Contrary to some of the reporting, a source of mine with knowledge of this tells me that this was actually self-discovered. According to this source, Wells Fargo had actually discovered this internally, recognized they had a problem, and had started to take the necessary steps to address this before the story broke. In 2013, The Los Angeles Times reported on this issue from a whistleblower angle. However, Wells Fargo believes it was most likely a disgruntled employee from the team working to resolve these issues who had been fired, and then went to the authorities.

So how many of Wells Fargo’s customers were affected? It must have been a big deal to get hit with such a large fine.

It is always a big deal when a bank has bad employees. After all, this is people’s money we are talking about. However, this situation was far from pervasive. This was not a widespread problem inside Wells Fargo. Let’s put this in context. This is a company that has 40 million retail baking accounts. When it learned of this issue, it brought in third parties to conduct a review.

Of those 40 million, Wells Fargo identified just 1.5 million accounts where they could not rule out the possibility that something had occurred. And of THOSE 1.5 million accounts, they found just 100,000 accounts that had some sort of fee or charge associated with them at some point during the time period the illegal activities were going on.

Wells Fargo refunded all fees and charges on those accounts, regardless of whether they were improper or not. The average refund is $25 dollars, so that is where the total refunds of around $2.5 million comes from. In the context of a company with $90 billion in revenues, that is a very small amount. So while this was certainly a costly mistake, with the company being fined $185 million by regulators, the amount owed to customers because of mistakes was small.

But 5300 people were fired, which is a big deal, right?

Five thousand three hundred people is a lot of people. But again, context is important. Wells Fargo has 300,000 employees worldwide, and 100,000 employees working in retail banking, so 5,300 people represents under 2% of their workforce. That said, one person breaking the law is one too many, let alone 5,300. But when you put it in context, this was not widespread.

Companies, especially banks and financial firms, work very hard to screen employees who are working with your money. But some bad apples get through. Thankfully in this instance, and in the vast majority of companies, this is extremely rare.

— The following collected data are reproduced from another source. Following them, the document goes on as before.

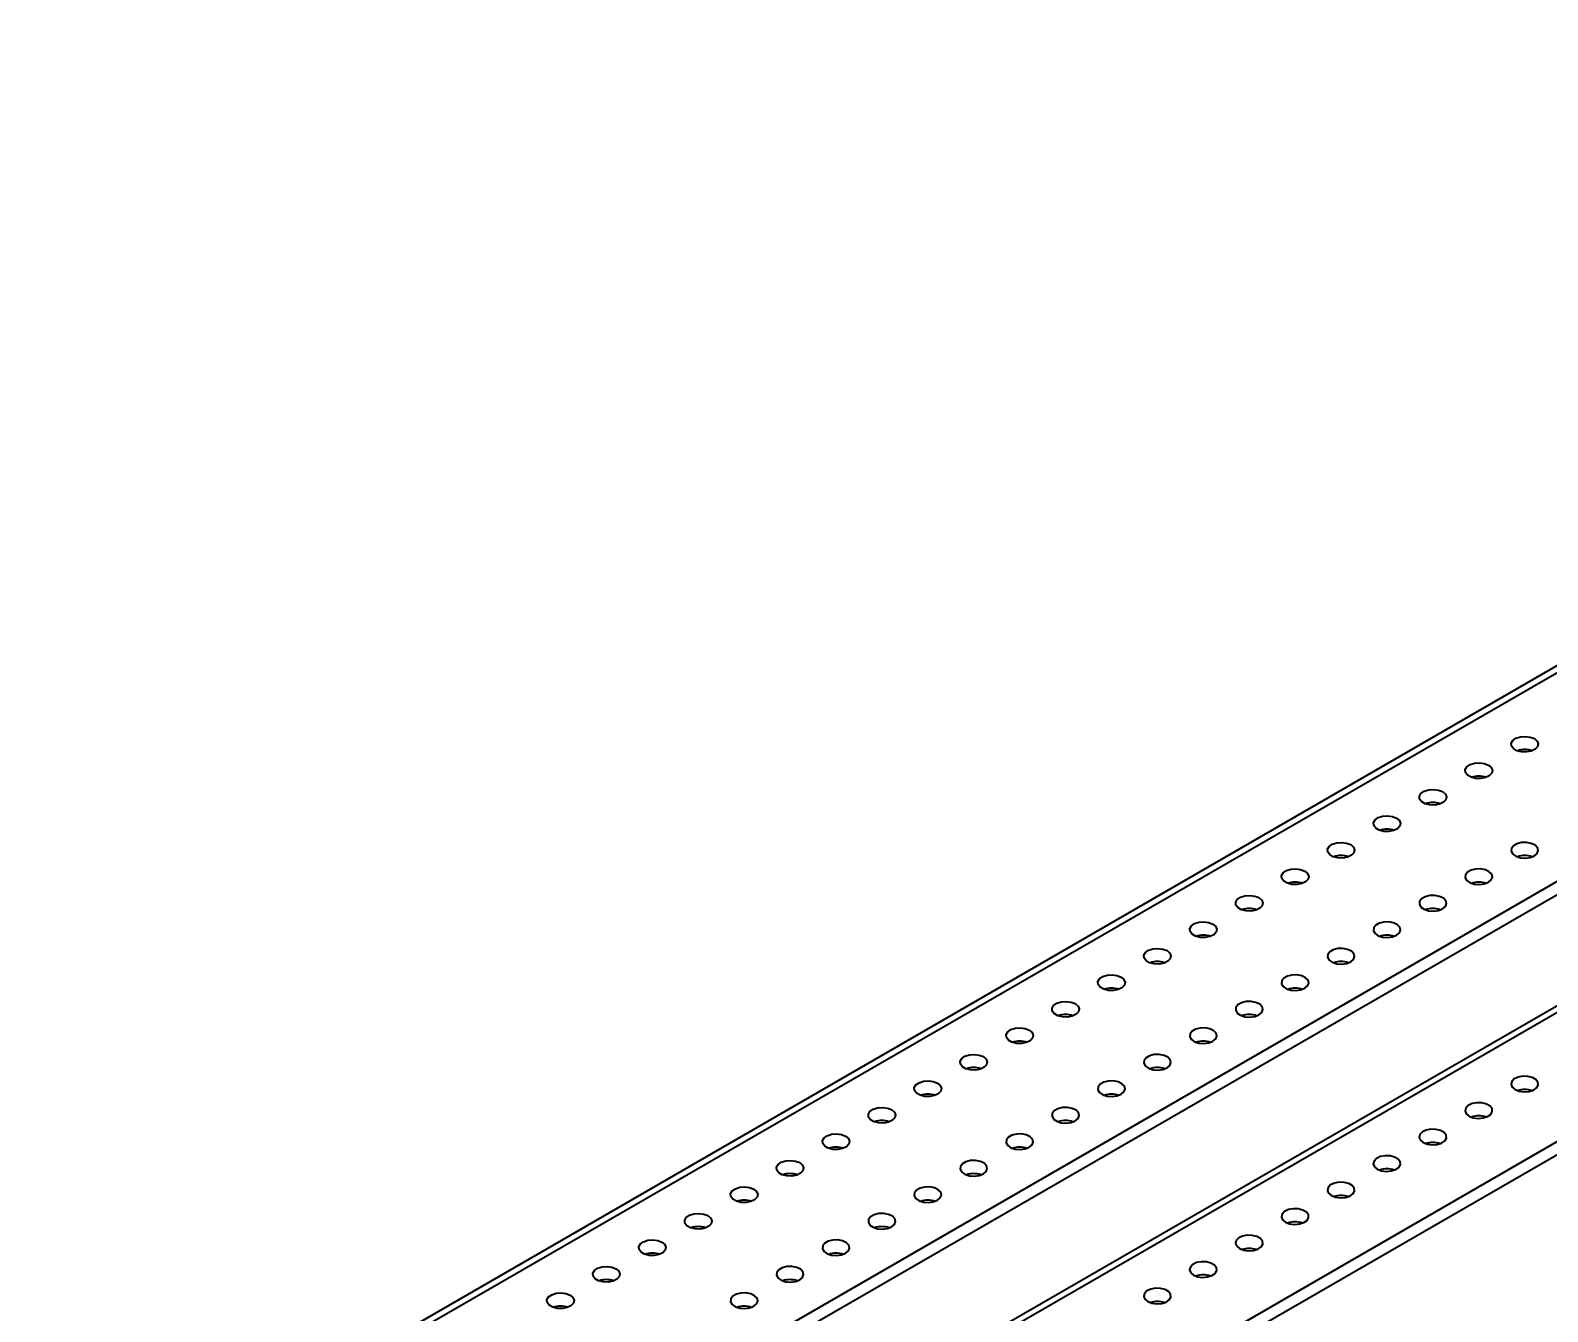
# Model space of a CAD drawing. Header units: inches. Extents: x 0 to 11, y 0 to 8.4.
# Drawn here: x 5.767 to 6.74, y 5.919 to 6.742 of the extents above; entities that cross this region are included whole.
import ezdxf

# ---------------------------------------------------------------- set-up
doc = ezdxf.new("R2010")
doc.units = ezdxf.units.IN
doc.header["$MEASUREMENT"] = 0
doc.header["$PDSIZE"] = -1
doc.layers.add('OBJ', color=50, linetype='Continuous')
doc.dimstyles.get("Standard").update_dxf_attribs({"dimtxt": 0.18, "dimasz": 0.18, "dimexe": 0.18, "dimexo": 0.0625, "dimgap": 0.09, "dimtad": 0, "dimtih": 1, "dimtoh": 1, "dimdec": 4, "dimzin": 0, "dimdsep": 46, "dimtxsty": 'Standard', "dimcen": 0.09, "dimadec": 0, "dimazin": 0, "dimtfac": 1, "dimtdec": 4, "dimtofl": 0, "dimtmove": 0, "dimatfit": 3, "dimfxl": 1, "dimtolj": 1, "dimtzin": 0, "dimarcsym": 0})

# ---------------------------------------------------------------- blocks, each defined once
blk = doc.blocks.new('*D8')
at = {"layer": 'Defpoints', "color": 0, "transparency": 16777216}
for p in [(5.7116, 7.07514), (5.7116, 4.36681), (9.6024, 4.36681)]:
    blk.add_point(p, dxfattribs=at)
at = {"layer": 'OBJ', "color": 0, "lineweight": -2, "transparency": 16777216}
for p, q in [((5.7616, 7.07514), (9.7274, 7.07514)), ((9.6024, 6.94514), (9.6024, 5.84348)), ((9.6024, 4.49681), (9.6024, 5.59848)), ((5.7616, 4.36681), (9.7274, 4.36681))]:
    blk.add_line(p, q, dxfattribs=at)
at = {"layer": 'OBJ', "color": 0, "transparency": 16777216}
for points in [[(9.58073, 6.94514), (9.62406, 6.94514), (9.6024, 7.07514)], [(9.58073, 4.49681), (9.62406, 4.49681), (9.6024, 4.36681)]]:
    blk.add_solid(points, dxfattribs=at)
at = {"layer": 'OBJ', "color": 0, "transparency": 16777216, "insert": (9.6024, 5.72098), "char_height": 0.125, "attachment_point": 5}
blk.add_mtext('\\A1;32.500000', dxfattribs=at)

msp = doc.modelspace()

# ---------------------------------------------------------------- linework, layer by layer
at = {"color": 7, "linetype": 'Continuous', "lineweight": 25}
for p, q in [((7.38221704, 6.70083038), (5.79122679, 5.78237125)), ((5.79768459, 5.78173178), (7.38867485, 6.7001909)), ((5.91376796, 5.71471828), (7.50475821, 6.6331774)), ((5.91376796, 5.70621264), (7.50475821, 6.62467177)), ((7.10141272, 6.32035593), (6.22752832, 5.8158732)), ((6.23106414, 5.81383202), (7.10141272, 6.31627356)), ((7.16652557, 6.27086092), (6.30295333, 5.77233127)), ((7.17389246, 6.2666081), (6.31032022, 5.76807846))]:
    msp.add_line(p, q, dxfattribs=at)
at = {"color": 7, "linetype": 'Continuous', "lineweight": 25, "flags": 128}
for points in [[(6.73194943, 6.28705438), (6.73376669, 6.28552291), (6.73450291, 6.28371588), (6.73405865, 6.28187734), (6.73249392, 6.28025561), (6.73002003, 6.27906969), (6.72697111, 6.27847977), (6.72375893, 6.2785655), (6.7208173, 6.27931531), (6.71854352, 6.28062794), (6.71724466, 6.2823261), (6.71709615, 6.28418046), (6.71811805, 6.28594056), (6.72017233, 6.28736871), (6.72298157, 6.28827201), (6.72616635, 6.28852847), (6.72929655, 6.28810346), (6.73194943, 6.28705438)], [(6.70248665, 6.27004588), (6.70430391, 6.2685144), (6.70504012, 6.26670738), (6.70459587, 6.26486884), (6.70303113, 6.26324711), (6.70055725, 6.26206119), (6.69750833, 6.26147126), (6.69429614, 6.261557), (6.69135452, 6.26230681), (6.68908073, 6.26361944), (6.68778188, 6.2653176), (6.68763337, 6.26717196), (6.68865527, 6.26893206), (6.69070955, 6.2703602), (6.69351879, 6.2712635), (6.69670357, 6.27151997), (6.69983377, 6.27109496), (6.70248665, 6.27004588)], [(6.67302386, 6.25303738), (6.67484113, 6.2515059), (6.67557734, 6.24969887), (6.67513308, 6.24786034), (6.67356835, 6.2462386), (6.67109447, 6.24505269), (6.66804555, 6.24446276), (6.66483336, 6.24454849), (6.66189174, 6.24529831), (6.65961795, 6.24661093), (6.6583191, 6.2483091), (6.65817059, 6.25016345), (6.65919248, 6.25192356), (6.66124677, 6.2533517), (6.664056, 6.254255), (6.66724078, 6.25451147), (6.67037099, 6.25408646), (6.67302386, 6.25303738)], [(6.64356108, 6.23602887), (6.64537834, 6.2344974), (6.64611456, 6.23269037), (6.6456703, 6.23085184), (6.64410557, 6.2292301), (6.64163169, 6.22804419), (6.63858276, 6.22745426), (6.63537058, 6.22753999), (6.63242895, 6.2282898), (6.63015517, 6.22960243), (6.62885631, 6.2313006), (6.62870781, 6.23315495), (6.6297297, 6.23491506), (6.63178399, 6.2363432), (6.63459322, 6.2372465), (6.637778, 6.23750296), (6.64090821, 6.23707796), (6.64356108, 6.23602887)], [(6.6140983, 6.21902037), (6.61591556, 6.2174889), (6.61665178, 6.21568187), (6.61620752, 6.21384334), (6.61464279, 6.2122216), (6.6121689, 6.21103568), (6.60911998, 6.21044576), (6.6059078, 6.21053149), (6.60296617, 6.2112813), (6.60069239, 6.21259393), (6.59939353, 6.21429209), (6.59924502, 6.21614645), (6.60026692, 6.21790655), (6.6023212, 6.2193347), (6.60513044, 6.220238), (6.60831522, 6.22049446), (6.61144542, 6.22006945), (6.6140983, 6.21902037)], [(6.73194943, 6.2118768), (6.73376669, 6.21340827), (6.73450291, 6.2152153), (6.73405865, 6.21705383), (6.73249392, 6.21867557), (6.73002003, 6.21986149), (6.72697111, 6.22045141), (6.72375893, 6.22036568), (6.7208173, 6.21961587), (6.71854352, 6.21830324), (6.71724466, 6.21660508), (6.71709615, 6.21475072), (6.71811805, 6.21299062), (6.72017233, 6.21156247), (6.72298157, 6.21065917), (6.72616635, 6.21040271), (6.72929655, 6.21082772), (6.73194943, 6.2118768)], [(6.58463552, 6.20201187), (6.58645278, 6.2004804), (6.58718899, 6.19867337), (6.58674474, 6.19683483), (6.58518, 6.1952131), (6.58270612, 6.19402718), (6.5796572, 6.19343725), (6.57644501, 6.19352299), (6.57350339, 6.1942728), (6.5712296, 6.19558543), (6.56993075, 6.19728359), (6.56978224, 6.19913795), (6.57080414, 6.20089805), (6.57285842, 6.20232619), (6.57566766, 6.2032295), (6.57885244, 6.20348596), (6.58198264, 6.20306095), (6.58463552, 6.20201187)], [(6.70248665, 6.1948683), (6.70430391, 6.19639977), (6.70504012, 6.1982068), (6.70459587, 6.20004533), (6.70303113, 6.20166707), (6.70055725, 6.20285298), (6.69750833, 6.20344291), (6.69429614, 6.20335718), (6.69135452, 6.20260737), (6.68908073, 6.20129474), (6.68778188, 6.19959657), (6.68763337, 6.19774222), (6.68865527, 6.19598211), (6.69070955, 6.19455397), (6.69351879, 6.19365067), (6.69670357, 6.1933942), (6.69983377, 6.19381921), (6.70248665, 6.1948683)], [(6.55517273, 6.18500337), (6.55698999, 6.18347189), (6.55772621, 6.18166487), (6.55728195, 6.17982633), (6.55571722, 6.17820459), (6.55324334, 6.17701868), (6.55019442, 6.17642875), (6.54698223, 6.17651448), (6.54404061, 6.1772643), (6.54176682, 6.17857693), (6.54046797, 6.18027509), (6.54031946, 6.18212944), (6.54134135, 6.18388955), (6.54339564, 6.18531769), (6.54620487, 6.18622099), (6.54938965, 6.18647746), (6.55251986, 6.18605245), (6.55517273, 6.18500337)], [(6.67302386, 6.17785979), (6.67484113, 6.17939127), (6.67557734, 6.1811983), (6.67513308, 6.18303683), (6.67356835, 6.18465857), (6.67109447, 6.18584448), (6.66804555, 6.18643441), (6.66483336, 6.18634868), (6.66189174, 6.18559886), (6.65961795, 6.18428624), (6.6583191, 6.18258807), (6.65817059, 6.18073372), (6.65919248, 6.17897361), (6.66124677, 6.17754547), (6.664056, 6.17664217), (6.66724078, 6.1763857), (6.67037099, 6.17681071), (6.67302386, 6.17785979)], [(6.52570995, 6.16799486), (6.52752721, 6.16646339), (6.52826343, 6.16465636), (6.52781917, 6.16281783), (6.52625444, 6.16119609), (6.52378056, 6.16001018), (6.52073163, 6.15942025), (6.51751945, 6.15950598), (6.51457782, 6.1602558), (6.51230404, 6.16156842), (6.51100518, 6.16326659), (6.51085667, 6.16512094), (6.51187857, 6.16688105), (6.51393286, 6.16830919), (6.51674209, 6.16921249), (6.51992687, 6.16946896), (6.52305707, 6.16904395), (6.52570995, 6.16799486)], [(6.64356108, 6.16085129), (6.64537834, 6.16238276), (6.64611456, 6.16418979), (6.6456703, 6.16602833), (6.64410557, 6.16765006), (6.64163169, 6.16883598), (6.63858276, 6.16942591), (6.63537058, 6.16934017), (6.63242895, 6.16859036), (6.63015517, 6.16727773), (6.62885631, 6.16557957), (6.62870781, 6.16372521), (6.6297297, 6.16196511), (6.63178399, 6.16053697), (6.63459322, 6.15963366), (6.637778, 6.1593772), (6.64090821, 6.15980221), (6.64356108, 6.16085129)], [(6.49624717, 6.15098636), (6.49806443, 6.14945489), (6.49880065, 6.14764786), (6.49835639, 6.14580933), (6.49679166, 6.14418759), (6.49431777, 6.14300168), (6.49126885, 6.14241175), (6.48805667, 6.14249748), (6.48511504, 6.14324729), (6.48284126, 6.14455992), (6.4815424, 6.14625809), (6.48139389, 6.14811244), (6.48241579, 6.14987255), (6.48447007, 6.15130069), (6.48727931, 6.15220399), (6.49046409, 6.15246045), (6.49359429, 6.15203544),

Wells Fargo released a statement taking responsibility for this, but will this damage the company in the long run?

This is not the kind of statement any bank wants to make. People take their money very seriously, and banks are not popular institutions. But I think the great thing here is that Wells Fargo didn’t deny responsibility. Instead, they self-discovered, they self-reported, and they did not equivocate. They owned it.

This is a company that has 7 billion transactions every year. They could have dismissed or ignored this problem as mistakes that are going to happen. They didn’t. Instead, they said that they want it right 100% of the time. So while any mistakes around accounts are disconcerting, it is almost refreshing in this day and age where we are used to companies deflecting and denying any and all wrongdoing.

What if you were affected? How do you get refunded, and how do you protect yourself in the future?

If you are a Wells Fargo account holder and you were affected, you do not need to take any action. The regulators are doing the legwork for you. Under the enforcement agreement with the Consumer Financial Protection Bureau, Wells Fargo must refund all affected consumers the sum of all monthly maintenance fees, non-sufficient fund fees, overdraft charges, and other fees they paid because of the creation of the unauthorized products. But again, consumers are not required to take any action to get refunds.

In terms of protecting yourself, this occurrence is likely to spur greater oversight of employee practices by all banks. However, this comes down to a point I make all the time: you have to read the fine print and pay attention to your money. You need to regularly check your bank accounts online, understand the charges and fees, and read all those pieces of mail that you receive but ignore from your banks. If you do that, you are much more likely to catch any improper activity.